TASK INPUTS:
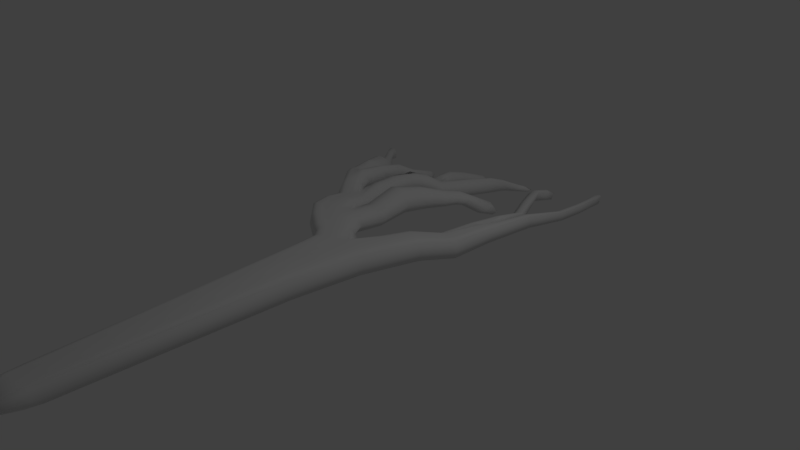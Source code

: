 # Source: lawa_back.blend  (saved by Blender 2.78.0; exported with 4.5.12 LTS)
import bpy
from mathutils import Matrix  # noqa: F401  (used for matrix-valued properties, if any)

bpy.ops.wm.read_factory_settings(use_empty=True)
scene = bpy.context.scene
scene.name = 'Scene'

# ---- collections
col_collection_1 = bpy.data.collections.new('Collection 1'); scene.collection.children.link(col_collection_1)

# ---- materials (node trees are filled in below, after node groups)
mat_material = bpy.data.materials.new('Material')
mat_material.alpha_threshold = 0.0
mat_material.use_transparent_shadow = False
mat_material.roughness = 0.5
mat_material.line_color = (0.0, 0.0, 0.0, 1.0)

# ---- material node trees

# ---- world
world_world = bpy.data.worlds.new('World'); scene.world = world_world
world_world.color = (0.05088, 0.05088, 0.05088)
world_world.use_sun_shadow = False
world_world.sun_shadow_jitter_overblur = 0.0
world_world.cycles.sampling_method = 'MANUAL'

# ---- cameras
cam_camera = bpy.data.cameras.new('Camera')
cam_camera.clip_end = 100.0
cam_camera.lens = 35.0
cam_camera.sensor_width = 32.0
cam_camera.sensor_height = 18.0
cam_camera.ortho_scale = 7.314
cam_camera.dof.focus_distance = 0.0
cam_camera.dof.aperture_fstop = 128.0

# ---- lights
light_lamp = bpy.data.lights.new('Lamp', 'POINT')
light_lamp.transmission_factor = 0.0
light_lamp.cutoff_distance = 30.0
light_lamp.energy = 100.0
light_lamp.shadow_buffer_clip_start = 1.001
light_lamp.shadow_soft_size = 0.1
light_lamp.shadow_maximum_resolution = 0.006
light_lamp.use_absolute_resolution = True

# ---- meshes
me_cube = bpy.data.meshes.new('Cube')
me_cube.from_pydata([(-0.002084, -4.423, 0.2161), (-0.1828, -0.7228, 0.1954), (0.601, -0.6704, 0.1928), (0.422, -4.423, 0.2134), (-0.002084, -4.423, 0.433), (-0.1828, -0.7228, 0.4545), (0.6005, -0.6703, 0.4568), (0.422, -4.423, 0.4357), (0.2133, -4.583, 0.2018), (0.2009, -0.5095, 0.186), (0.2133, -4.583, 0.4479), (0.1992, -0.5098, 0.4639), (0.4901, 0.2327, 0.1899), (0.8166, 0.09699, 0.1863), (0.8166, 0.09649, 0.4312), (0.4892, 0.2335, 0.4278), (0.8401, 0.9975, 0.2263), (1.125, 1.049, 0.2171), (1.125, 1.05, 0.4107), (0.8367, 0.9966, 0.4086), (0.3135, -4.587, 0.205), (0.411, -0.6129, 0.1686), (0.3135, -4.587, 0.4447), (0.411, -0.6129, 0.482), (0.6516, 0.2068, 0.1682), (0.6514, 0.2067, 0.4498), (0.9819, 1.089, 0.2141), (0.9831, 1.089, 0.4082), (0.9547, 2.663, -0.04794), (0.9562, 2.677, 0.05877), (1.044, 2.683, 0.06661), (1.044, 2.668, -0.04813), (0.7106, 2.055, 0.03133), (0.7155, 2.061, 0.1559), (0.7974, 2.096, 0.1492), (0.7911, 2.087, 0.02165), (-0.4, -0.5496, 0.1926), (-0.4, -0.5496, 0.4573), (-0.2596, 0.01697, 0.2062), (-0.2846, 0.02079, 0.419), (-0.9175, -0.1586, 0.1929), (-0.9166, -0.1583, 0.4565), (-0.5411, 0.1102, 0.2048), (-0.5167, 0.1071, 0.4195), (-1.138, 0.459, 0.1004), (-1.138, 0.4585, 0.3448), (-0.7835, 0.6378, 0.08019), (-0.7807, 0.6372, 0.3126), (0.1141, -4.586, 0.2054), (0.01349, -0.6463, 0.1708), (0.1141, -4.586, 0.4443), (0.01349, -0.6463, 0.481), (-0.3175, -0.2734, 0.1777), (-0.3207, -0.273, 0.4738), (-0.7052, -0.04356, 0.1866), (-0.7027, -0.04378, 0.4646), (-0.9667, 0.6363, 0.08124), (-0.9661, 0.6376, 0.3349), (-1.442, 0.8712, 0.215), (-1.445, 0.8706, 0.4572), (-1.251, 1.028, 0.2184), (-1.247, 1.029, 0.4552), (0.05962, -4.589, 0.2056), (-0.08075, -0.687, 0.1709), (0.05962, -4.589, 0.4441), (-0.08075, -0.687, 0.4809), (-0.3564, -0.4194, 0.1758), (-0.3564, -0.4194, 0.4761), (-0.801, -0.1064, 0.1833), (-0.801, -0.1064, 0.4672), (-1.05, 0.5259, 0.06309), (-1.049, 0.525, 0.3441), (-1.36, 1.03, 0.2118), (-1.36, 1.028, 0.4629), (-0.2911, 0.9134, 0.4535), (-0.2912, 0.9114, 0.1886), (-0.6069, 0.949, 0.1834), (-0.6063, 0.9509, 0.4571), (-1.048, 1.405, 0.1414), (-1.052, 1.406, 0.3476), (-0.9067, 1.389, 0.3456), (-0.9077, 1.39, 0.1446), (-1.352, 1.755, 0.1302), (-1.356, 1.759, 0.3229), (-1.276, 1.764, 0.3241), (-1.281, 1.757, 0.1285), (-1.669, 1.195, 0.1455), (-1.67, 1.196, 0.3527), (-1.554, 1.239, 0.3515), (-1.552, 1.24, 0.1466), (-0.08097, 1.478, 0.1686), (-0.07539, 1.493, 0.3303), (-0.2532, 1.561, 0.1665), (-0.2496, 1.578, 0.3313), (0.8445, 3.645, -0.07073), (0.8475, 3.582, -0.1672), (0.9315, 3.655, -0.06687), (0.931, 3.592, -0.165), (0.2953, 2.969, 0.07426), (0.2863, 2.896, -0.04227), (0.3882, 2.966, 0.06589), (0.378, 2.894, -0.04617), (0.7233, 4.013, -0.1991), (0.7255, 3.969, -0.2632), (0.7804, 4.021, -0.1978), (0.7802, 3.976, -0.261), (0.3405, 3.342, -0.06129), (0.3346, 3.289, -0.1368), (0.4013, 3.334, -0.065), (0.3939, 3.284, -0.1382), (0.04719, 1.716, 0.1611), (0.09988, 1.916, 0.1923), (-0.09274, 1.77, 0.1575), (-0.05049, 1.976, 0.1893), (0.1839, 2.186, -0.1006), (0.2077, 2.258, -0.06837), (0.1368, 2.204, -0.1024), (0.1491, 2.281, -0.06857), (-1.426, 2.367, 0.02867), (-1.411, 2.293, -0.05917), (-1.38, 2.378, 0.02769), (-1.373, 2.301, -0.0614), (-1.51, 2.675, -0.1288), (-1.481, 2.537, -0.1855), (-1.467, 2.686, -0.1309), (-1.445, 2.546, -0.1876), (-0.7826, 2.098, 0.1411), (-0.7816, 2.091, -0.07036), (-0.648, 2.005, 0.1445), (-0.6464, 2.0, -0.05901), (-0.9376, 1.675, 0.1337), (-0.7927, 1.678, 0.1355), (-0.7919, 1.679, 0.3371), (-0.9379, 1.679, 0.3412), (-0.9203, 2.026, 0.1464), (-0.9313, 2.022, -0.05736), (-1.029, 1.716, 0.1352), (-1.023, 1.716, 0.333), (-0.4621, 2.859, -0.1332), (-0.463, 2.875, 0.06123), (-0.3808, 2.762, 0.07552), (-0.3872, 2.738, -0.1203), (-0.8896, 2.514, 0.09953), (-0.8882, 2.484, -0.09271), (-1.005, 2.41, -0.08571), (-1.01, 2.441, 0.1086), (-0.3245, 3.253, -0.09426), (-0.3897, 3.173, -0.1987), (-0.2996, 3.175, -0.08099), (-0.3745, 3.093, -0.1823), (-0.891, 2.943, -0.1951), (-0.9248, 3.061, -0.09568), (-0.9626, 2.9, -0.1889), (-1.006, 3.017, -0.09059), (-0.1386, 3.459, -0.202), (-0.2172, 3.379, -0.2347), (-0.1237, 3.421, -0.1939), (-0.2087, 3.344, -0.2218), (-0.8776, 3.211, -0.2454), (-0.913, 3.327, -0.2195), (-0.914, 3.192, -0.24), (-0.957, 3.305, -0.2174), (-1.834, 1.78, 0.3188), (-1.833, 1.779, 0.1227), (-1.737, 1.875, 0.2434), (-1.734, 1.874, 0.04559), (-2.102, 2.193, 0.09988), (-2.089, 2.17, -0.0131), (-2.043, 2.245, 0.09815), (-2.034, 2.217, -0.01478), (-2.511, 2.69, 0.008432), (-2.381, 2.49, -0.02576), (-2.446, 2.73, 0.004205), (-2.326, 2.524, -0.02763), (-2.566, 2.816, -0.1516), (-2.488, 2.695, -0.1661), (-2.527, 2.84, -0.1532), (-2.456, 2.715, -0.1669), (-0.1011, -1.621, 0.198), (0.3711, -4.594, 0.204), (-0.01883, -4.56, 0.3208), (0.5088, -0.647, 0.165), (-0.2539, -0.7205, 0.3203), (0.4836, -1.617, 0.1895), (0.6548, -0.6413, 0.3203), (0.4324, -4.558, 0.3208), (-0.1022, -1.621, 0.4523), (0.3722, -4.594, 0.4459), (0.5094, -0.6465, 0.4862), (0.4847, -1.617, 0.4606), (0.1622, -4.584, 0.2036), (0.09466, -0.6099, 0.1705), (0.1623, -4.585, 0.4461), (0.09309, -0.6099, 0.4808), (0.2108, -5.065, 0.3208), (0.1648, -0.293, 0.3206), (0.1896, -1.568, 0.5256), (0.1895, -1.568, 0.1257), (0.7384, 0.153, 0.1622), (0.8574, 0.1013, 0.3047), (0.7378, 0.1523, 0.4562), (0.4182, 0.286, 0.3044), (0.3721, -0.1257, 0.2024), (0.7228, -0.27, 0.196), (0.7204, -0.2692, 0.4519), (0.3746, -0.1267, 0.4457), (1.056, 1.048, 0.1958), (1.146, 1.057, 0.3106), (1.056, 1.049, 0.4262), (0.7588, 1.02, 0.3135), (0.6747, 0.62, 0.337), (0.681, 0.6149, 0.126), (0.9852, 0.5571, 0.1172), (0.9876, 0.5544, 0.3459), (0.2633, -4.584, 0.2036), (0.321, -0.5836, 0.1677), (0.2634, -4.584, 0.446), (0.3216, -0.5838, 0.4833), (0.5719, 0.2219, 0.1672), (0.5718, 0.2219, 0.4518), (0.9076, 1.004, 0.2035), (0.9072, 1.004, 0.4243), (0.8238, 0.6155, 0.1027), (0.823, 0.6163, 0.3569), (0.9802, 1.246, 0.3119), (0.5432, -0.1778, 0.473), (0.3072, -5.065, 0.3208), (0.5431, -0.1776, 0.1729), (0.3243, -1.594, 0.5073), (0.3232, -1.594, 0.1444), (0.8919, 2.647, 0.007155), (1.003, 2.687, 0.07613), (1.046, 2.658, 0.0105), (1.004, 2.667, -0.06213), (0.9885, 1.845, 0.2937), (0.9743, 1.845, 0.1532), (1.114, 1.855, 0.3062), (1.112, 1.847, 0.1429), (0.6533, 2.041, 0.09456), (0.7637, 2.083, 0.1673), (0.8044, 2.097, 0.08404), (0.7547, 2.071, 0.01143), (0.8174, 1.509, 0.3242), (0.8271, 1.518, 0.1887), (0.915, 1.547, 0.3289), (0.9196, 1.546, 0.1706), (-0.4396, -0.5643, 0.3202), (-0.2838, -0.1516, 0.1877), (-0.3034, -0.1494, 0.4618), (-0.2218, 0.0923, 0.3079), (-0.05086, -0.2599, 0.2173), (-0.06976, -0.2598, 0.4301), (-0.2753, -0.6117, 0.4541), (-0.2753, -0.6117, 0.1958), (-0.9361, -0.1683, 0.3205), (-0.6152, 0.004237, 0.1965), (-0.5995, 0.002554, 0.4541), (-0.5553, 0.2231, 0.3049), (-0.4088, 0.06281, 0.1837), (-0.4096, 0.06177, 0.4346), (-0.6721, -0.3796, 0.1874), (-0.6721, -0.3796, 0.4625), (-1.184, 0.4434, 0.2642), (-0.8687, 0.6224, 0.05429), (-0.8672, 0.6227, 0.3383), (-0.7224, 0.6768, 0.1937), (-0.6549, 0.3183, 0.4116), (-1.023, 0.1407, 0.4286), (-1.028, 0.1391, 0.1773), (-0.6724, 0.3194, 0.1983), (0.08532, -4.587, 0.2056), (-0.03666, -0.6676, 0.171), (0.08531, -4.587, 0.4441), (-0.03666, -0.6676, 0.4808), (-0.3371, -0.3513, 0.1764), (-0.3371, -0.3513, 0.4754), (-0.753, -0.07742, 0.1852), (-0.753, -0.0774, 0.4658), (-1.008, 0.5547, 0.06408), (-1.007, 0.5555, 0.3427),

TRY IT:
Only lines holding the word "materials" are wanted; copy each one from the listing.

SOLUTION TO THE PROBLEM:
# ---- materials (node trees are filled in below, after node groups)
mat_material = bpy.data.materials.new('Material')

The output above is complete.